New furniture can often cost less than you think. Of course, its worth considering quality used furniture rather than budget new furniture, but be careful you’re not paying for budget used furniture when you might be able to get some nice new mid-range products at an affordable price. Be sure to compare the total package cost – product, transportation and assembly – rather than just the product itself.
New furniture is usually available in a wide choice of sizes, styles, colours and finishes. With 2nd hand you’re restricted to whatever is on offer. No matter how good the value, it might be a compromise.
Buying 2nd hand furniture may restrictive if you need to reconfigure your office or add desks in the future. Whereas there is never any guarantee that further down the line you will be able to get another couple of desks of exactly the same colour, finish and specification from the manufacturer you bought them from new, it’s far less likely you will be able to do that with the used furniture you bought. So, you could end up with an office full of mismatched kit.

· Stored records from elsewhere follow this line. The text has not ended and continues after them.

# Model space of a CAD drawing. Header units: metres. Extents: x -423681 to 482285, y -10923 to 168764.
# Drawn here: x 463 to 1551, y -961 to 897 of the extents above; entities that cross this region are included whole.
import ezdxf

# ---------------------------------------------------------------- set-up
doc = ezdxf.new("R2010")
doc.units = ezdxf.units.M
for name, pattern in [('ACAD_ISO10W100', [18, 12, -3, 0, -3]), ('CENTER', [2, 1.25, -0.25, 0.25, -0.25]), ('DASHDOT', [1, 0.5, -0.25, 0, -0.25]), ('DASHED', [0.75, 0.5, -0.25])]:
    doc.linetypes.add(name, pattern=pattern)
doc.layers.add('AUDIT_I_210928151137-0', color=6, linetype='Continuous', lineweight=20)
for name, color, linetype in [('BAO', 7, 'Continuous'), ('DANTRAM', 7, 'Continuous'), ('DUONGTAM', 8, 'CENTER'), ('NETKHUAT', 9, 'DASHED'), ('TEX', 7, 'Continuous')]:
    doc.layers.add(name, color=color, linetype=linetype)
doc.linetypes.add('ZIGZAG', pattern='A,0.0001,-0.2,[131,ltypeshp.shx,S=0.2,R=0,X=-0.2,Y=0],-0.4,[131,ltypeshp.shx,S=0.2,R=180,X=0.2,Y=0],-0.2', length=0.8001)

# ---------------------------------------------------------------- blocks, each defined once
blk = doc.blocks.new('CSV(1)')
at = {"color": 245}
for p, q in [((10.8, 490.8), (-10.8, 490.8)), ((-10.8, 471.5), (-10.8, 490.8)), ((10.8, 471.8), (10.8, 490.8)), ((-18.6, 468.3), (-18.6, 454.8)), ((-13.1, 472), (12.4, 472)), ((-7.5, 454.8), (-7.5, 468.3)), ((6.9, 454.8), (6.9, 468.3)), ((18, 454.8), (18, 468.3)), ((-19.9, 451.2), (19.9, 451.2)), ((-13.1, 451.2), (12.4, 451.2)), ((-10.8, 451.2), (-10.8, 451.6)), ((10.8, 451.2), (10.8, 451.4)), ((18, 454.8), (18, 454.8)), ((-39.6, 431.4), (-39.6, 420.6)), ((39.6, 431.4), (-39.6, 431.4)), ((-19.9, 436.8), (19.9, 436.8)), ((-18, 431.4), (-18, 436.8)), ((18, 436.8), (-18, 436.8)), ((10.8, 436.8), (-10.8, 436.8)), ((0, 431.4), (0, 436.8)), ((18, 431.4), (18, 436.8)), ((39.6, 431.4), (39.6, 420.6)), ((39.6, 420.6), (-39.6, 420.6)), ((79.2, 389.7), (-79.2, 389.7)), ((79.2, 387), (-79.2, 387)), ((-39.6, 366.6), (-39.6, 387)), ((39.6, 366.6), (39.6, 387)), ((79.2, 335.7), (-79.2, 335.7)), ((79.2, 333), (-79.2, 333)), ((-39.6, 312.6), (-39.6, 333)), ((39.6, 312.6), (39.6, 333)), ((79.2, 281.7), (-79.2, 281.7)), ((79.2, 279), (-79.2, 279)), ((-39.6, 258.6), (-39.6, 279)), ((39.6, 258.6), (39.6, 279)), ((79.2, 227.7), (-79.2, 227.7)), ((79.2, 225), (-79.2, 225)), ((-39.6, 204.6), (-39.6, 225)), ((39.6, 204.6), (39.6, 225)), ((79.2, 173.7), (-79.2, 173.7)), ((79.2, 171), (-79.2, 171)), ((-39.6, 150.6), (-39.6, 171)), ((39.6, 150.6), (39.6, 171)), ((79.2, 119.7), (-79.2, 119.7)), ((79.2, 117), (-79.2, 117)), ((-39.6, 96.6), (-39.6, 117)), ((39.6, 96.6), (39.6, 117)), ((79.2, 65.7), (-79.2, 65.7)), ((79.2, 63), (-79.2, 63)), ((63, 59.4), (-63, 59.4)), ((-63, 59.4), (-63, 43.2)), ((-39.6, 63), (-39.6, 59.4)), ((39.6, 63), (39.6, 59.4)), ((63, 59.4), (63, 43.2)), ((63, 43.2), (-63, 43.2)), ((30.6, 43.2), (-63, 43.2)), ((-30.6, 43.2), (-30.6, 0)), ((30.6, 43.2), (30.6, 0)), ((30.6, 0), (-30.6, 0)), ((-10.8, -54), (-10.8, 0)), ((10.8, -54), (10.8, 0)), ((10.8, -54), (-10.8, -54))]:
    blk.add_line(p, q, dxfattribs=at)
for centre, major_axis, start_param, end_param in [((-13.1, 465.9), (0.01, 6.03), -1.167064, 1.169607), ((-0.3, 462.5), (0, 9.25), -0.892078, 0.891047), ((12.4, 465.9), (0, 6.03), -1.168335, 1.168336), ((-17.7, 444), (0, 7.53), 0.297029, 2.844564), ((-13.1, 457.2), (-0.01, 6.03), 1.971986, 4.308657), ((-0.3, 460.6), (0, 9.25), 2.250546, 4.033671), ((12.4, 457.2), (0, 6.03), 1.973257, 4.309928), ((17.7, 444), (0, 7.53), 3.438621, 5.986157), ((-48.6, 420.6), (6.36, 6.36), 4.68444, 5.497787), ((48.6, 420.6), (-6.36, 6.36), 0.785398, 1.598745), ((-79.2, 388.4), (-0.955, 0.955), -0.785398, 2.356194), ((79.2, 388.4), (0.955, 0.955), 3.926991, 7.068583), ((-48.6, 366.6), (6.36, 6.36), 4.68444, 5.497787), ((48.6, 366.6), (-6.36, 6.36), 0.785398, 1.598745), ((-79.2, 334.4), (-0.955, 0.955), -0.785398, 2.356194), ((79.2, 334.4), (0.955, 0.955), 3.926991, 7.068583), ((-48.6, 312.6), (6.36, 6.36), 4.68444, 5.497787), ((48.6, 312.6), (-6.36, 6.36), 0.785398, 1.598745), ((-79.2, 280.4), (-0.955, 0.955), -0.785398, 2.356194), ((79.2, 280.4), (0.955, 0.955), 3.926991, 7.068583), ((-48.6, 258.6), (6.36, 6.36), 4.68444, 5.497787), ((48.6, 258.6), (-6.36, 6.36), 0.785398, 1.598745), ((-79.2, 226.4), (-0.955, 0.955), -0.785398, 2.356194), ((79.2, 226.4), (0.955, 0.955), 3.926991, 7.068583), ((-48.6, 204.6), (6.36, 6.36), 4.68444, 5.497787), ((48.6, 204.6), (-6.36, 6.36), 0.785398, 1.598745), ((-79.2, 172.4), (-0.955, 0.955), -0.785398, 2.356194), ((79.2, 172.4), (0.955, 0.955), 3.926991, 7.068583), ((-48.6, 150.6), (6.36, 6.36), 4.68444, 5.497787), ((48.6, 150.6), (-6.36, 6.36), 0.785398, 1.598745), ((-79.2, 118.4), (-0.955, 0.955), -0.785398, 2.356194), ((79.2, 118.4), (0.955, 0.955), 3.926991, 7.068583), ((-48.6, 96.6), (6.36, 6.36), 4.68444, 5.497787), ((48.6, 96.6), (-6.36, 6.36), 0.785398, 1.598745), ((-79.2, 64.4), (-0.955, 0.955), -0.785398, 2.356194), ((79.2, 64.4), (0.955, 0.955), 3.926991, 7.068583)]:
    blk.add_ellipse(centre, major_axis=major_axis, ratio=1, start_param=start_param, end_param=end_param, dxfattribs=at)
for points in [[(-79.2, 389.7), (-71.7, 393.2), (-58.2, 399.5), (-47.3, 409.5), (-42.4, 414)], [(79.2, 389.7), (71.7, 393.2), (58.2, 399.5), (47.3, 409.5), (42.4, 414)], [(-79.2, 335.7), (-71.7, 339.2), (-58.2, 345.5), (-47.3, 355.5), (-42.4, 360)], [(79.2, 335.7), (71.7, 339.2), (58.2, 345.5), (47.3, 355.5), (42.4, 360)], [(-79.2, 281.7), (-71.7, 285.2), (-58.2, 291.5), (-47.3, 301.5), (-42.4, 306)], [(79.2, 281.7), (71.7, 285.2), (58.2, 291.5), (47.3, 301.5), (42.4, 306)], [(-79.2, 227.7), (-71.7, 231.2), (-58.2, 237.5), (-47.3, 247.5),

There will be no warranty when buying from another end-user.
Finally, make sure that whatever you buy you can physically get into your building (through doorways, corridors, up the stairs in particular). Not everything can be disassembled, particularly certain cupboards which are originally supplied not as flat pack but factory assembled instead and may have been glued or welded (if metal). But even if things that are flat packed could contain some very large and heavy panels or boards (e.g. reception counters, big boardroom table tops etc) which might also be too large to get up stairs or around tight corridor corners.